# Audio 5.1 o stereo sensor+aut0 off,cut pwr+stby signal out



## megas (Nov 1, 2009)

Este circuito lleva dos meses que lo voy elaborando y lo traigo aquí para que lo puedan usar a conveniencia, el circuito puede ser modificado para adaptarse a los planes de quienes lo lleguen a elaborar esta probado y trabajando  junto a un DVD 5.1 canales de audio de salida.
  Y también esta pensado para quienes en la elaboración de sus amplificadores de audio utilizan fuentes de poder atx modificadas o normales, y en aquellas personas que tienes su amplificador de audio de auto y quieren llevar a la sala, junto con mejoras en su diseño y modificación, utilizando incluso los 5v SB  que da la fuente de poder para poder alimentar este circuito
  De hecho yo utilizo un auto amplificador de 50watts por canal estéreo para los canales frontales un amplificador TA8210 para los canales izq. y derecho trasero y un TDA2005 en puente para audio vocal.
  En el esquema sig.:





  Esta lo que es la sección de audio sensor, en la primera etapa que consta de resistencias de entrada ya sea para el canal estéreo normal (CN3), o para los canales envolventes traseros izq. y derecho, y vocal (CN1).





  Sigue el amplificador operacional trabajando en inversa y con ganancia de 47 con el pote Uds. pueden variar su ganancia a conveniencia su valor es de 470k, siguiendo un amplificador operacional configurado como comparador de voltaje también trabajando en inversa teniendo a su salida el valor positivo o negativo + o – 




  Y aunque usualmente un diodo un condensador electrolítico y un transistor mosfet seria suficiente para darle un timer a lo que es el sensor en este caso, recomiendo  utilizar dos NE555 o ya sea un 556 que contiene dos timers en un solo paquete, según sea el gusto.

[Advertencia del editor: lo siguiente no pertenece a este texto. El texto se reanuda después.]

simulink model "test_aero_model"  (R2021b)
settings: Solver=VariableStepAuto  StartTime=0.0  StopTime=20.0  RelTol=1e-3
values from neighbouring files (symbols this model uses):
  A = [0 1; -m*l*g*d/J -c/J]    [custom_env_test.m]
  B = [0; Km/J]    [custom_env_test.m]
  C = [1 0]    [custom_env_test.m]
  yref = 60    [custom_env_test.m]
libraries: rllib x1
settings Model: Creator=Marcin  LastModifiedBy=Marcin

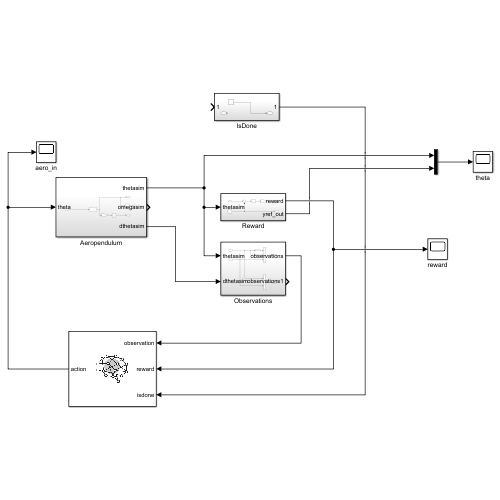
[thumbnail: Simulink's stored preview of the top-level diagram]
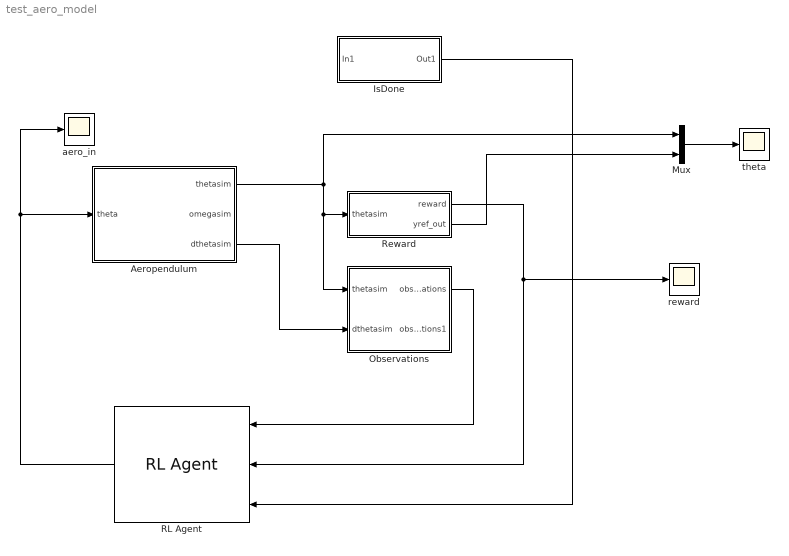
== system test_aero_model ==
  Aeropendulum : Subsystem
  IsDone : Subsystem
  Mux : Mux  Inputs=2
  Observations : Subsystem
  RL Agent : rllib/RL Agent  Agent=agent_aero_v1_Trained  ExternalActionAsInput=off  ProvideCumRwd=off  TreatAsDirectFeedthrough=on
  Reward : Subsystem
  aero_in : Scope
  reward : Scope
  theta : Scope
  wires:
  Observations/1(observations) -> RL Agent/1
  IsDone/1(Out1) -> RL Agent/3
  Reward/1(reward) -> reward/1, RL Agent/2
  Aeropendulum/3(dthetasim) -> Observations/2(dthetasim)
  Aeropendulum/1(thetasim) -> Mux/1, Reward/1(thetasim), Observations/1(thetasim)
  RL Agent/1 -> aero_in/1, Aeropendulum/1(theta)
  Mux/1 -> theta/1
  Reward/2(yref_out) -> Mux/2

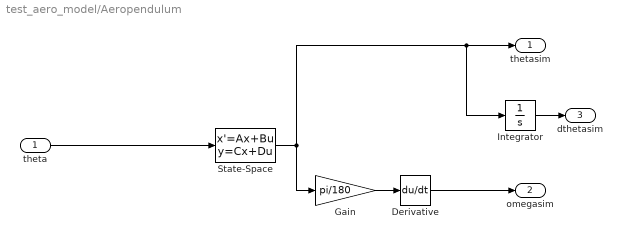
== system test_aero_model/Aeropendulum ==
  theta : Inport
  Derivative : Derivative
  Gain : Gain  Gain=pi/180
  Integrator : Integrator
  State-Space : StateSpace  A=A  B=B  C=C  D=0  InitialCondition=0
  thetasim : Outport
  omegasim : Outport  Port=2
  dthetasim : Outport  Port=3
  wires:
  State-Space/1 -> Integrator/1, thetasim/1, Gain/1
  Gain/1 -> Derivative/1
  theta/1 -> State-Space/1
  Derivative/1 -> omegasim/1
  Integrator/1 -> dthetasim/1

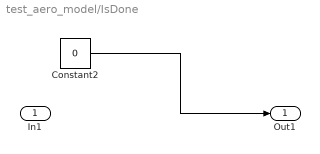
== system test_aero_model/IsDone ==
  In1 : Inport
  Constant2 : Constant  Value=0
  Out1 : Outport
  wires:
  Constant2/1 -> Out1/1

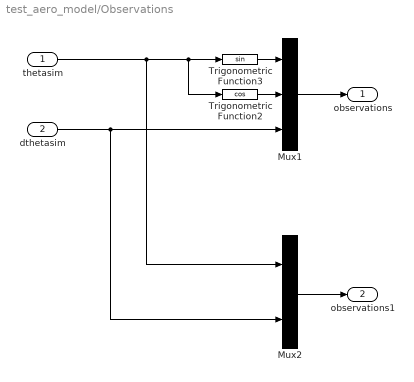
== system test_aero_model/Observations ==
  thetasim : Inport
  dthetasim : Inport  Port=2
  Mux1 : Mux  Inputs=3
  Mux2 : Mux  Inputs=2
  Trigonometric Function2 : Trigonometry  Operator=cos
  Trigonometric Function3 : Trigonometry
  observations : Outport
  observations1 : Outport  Port=2
  wires:
  Trigonometric Function3/1 -> Mux1/1
  dthetasim/1 -> Mux2/2, Mux1/3
  thetasim/1 -> Mux2/1, Trigonometric Function2/1, Trigonometric Function3/1
  Trigonometric Function2/1 -> Mux1/2
  Mux1/1 -> observations/1
  Mux2/1 -> observations1/1

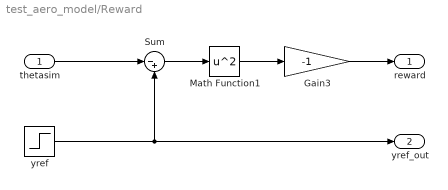
== system test_aero_model/Reward ==
  thetasim : Inport
  Gain3 : Gain  Gain=-1
  Math Function1 : Math  Operator=square  SignedPower=on  SaturateOnIntegerOverflow=on
  Sum : Sum  Inputs=|-+
  yref : Step  Time=0  After=yref  SampleTime=0
  reward : Outport
  yref_out : Outport  Port=2
  wires:
  yref/1 -> yref_out/1, Sum/2
  thetasim/1 -> Sum/1
  Sum/1 -> Math Function1/1
  Math Function1/1 -> Gain3/1
  Gain3/1 -> reward/1

En la salida de los comparadores de voltaje para que solo tengamos salida positiva se le conecta un diodo 1n4148,con los diodos alimentamos los electrolíticos de 10uf (recomiendo que sean a 50v, ya que los de 16v se descargan demasiado rápido), nos dará 30 segundos  en cada uno de los temporizadores, claro este valor puede cambiar a consideración de cada quien y tomando en cuenta que a veces las películas DVD en su sonido envolvente hay segundos en los que no hay audio en los canales envolventes.
  Los timers están en escalera para que así una activación del timer(IC5) del sonido envolvente de 30 segundos, eso enciende el led y nos muestra que esta recibiendo audio, la salida del timer pin3 del integrado ic5 NE555 nos puede servir para accionar el selector de audio para poder disfrutar  de audio envolvente o normal de forma automática ya sea utilizando un ic CD4053 o cualquier ic de preferencia.
  Después de esos 30 segundos se desactiva el primer timer y corren los 30 segundos del segundo y si no hay mas audio no se llega a mantener activado el indicador de sonido envolvente y el segundo timer (IC6) empieza a contar 30 segundos hasta que se llega a desactivar si no es alimentado por el comparador que recoge la señal de izq. y derecho y por el sensor y comparador de sonido envolvente, los ic 74LS04 nos sirven para invertir el voltaje de salida de los timers  ya que activos dan un voltaje negativo y se requiere un voltaje positivo.
  Podrían usarse integrados CMOS 4069 en ves de los 74LS04 no hay problema en eso.
  Para aprovechar la fuente de poder atx  ya sea modificada o sin modificar  se requiere que en su cable verde remote se de un voltaje negativo para que encienda la fuente y también considerando que si uno implementa un circuito de protección para el amplificador principal y este se llega a alimentar de los 12 voltios que da la fuente de poder ya activa se sugiere este circuito (no incluye el circuito de protección del amplificador o parlantes)
  Se utilizan en cada una de sus entradas sus entradas inversores para que sean activadas por voltajes positivos





  Si hay voltaje + en la unión  74LS86 y 74LS00 y en la otra entrada del ic 74LS86 hay un voltaje negativo  habrá un voltaje negativo de salida en  74LS86 pero si en la segunda entra del 74LS86 hay un voltaje positivo se anula la entra unión 74LS86 y 74LS00 sirviendo así  una llave que en un extremo activa la fuente de poder y en el otro la desactiva y en la que desactiva ahí pondremos un circuito que recibirá la señal positiva del circuito protector del amplificador principal o los amplificadores según el caso
  Entrada a: 1
  Entrada b: 0    
  Salida:        0
  Entrada a: 1
  Entrada b: 1
  Salida:       1
  Con la inclusión de un tiristor o scr 2N5060 podremos si se alimenta el circuito de protección de los amplificadores con los 12v que da la fuente de poder, apagar la fuente de poder aun así siguiendo activo el bloqueo de protección del scr teniendo por necesidad apagar la fuente en su totalidad y revisar donde esta el corto o problema, ya que alimentamos el scr con los 5 volts que da la fuente de poder en el cable SB





  En el conector (CN2) se da la salida sig. :
  de arriba hacia abajo 
  5v stdby on
  5v stdby on
  0v remote on
  Ground
  En CN4
  De Arriba hacia abajo:
  12v protección on
  Ground
  Espero les sirva…ya que se puede formar todo el circuito en una placa chica preformada no doy el pcb

y este circuito de selector de audio basado en el CD4053 se puede usar..y solo se escucha un pequeño poff de nivel 3 de 20 en volumen






http://www.geofex.com/article_folders/cd4053/cd4053.htm


----------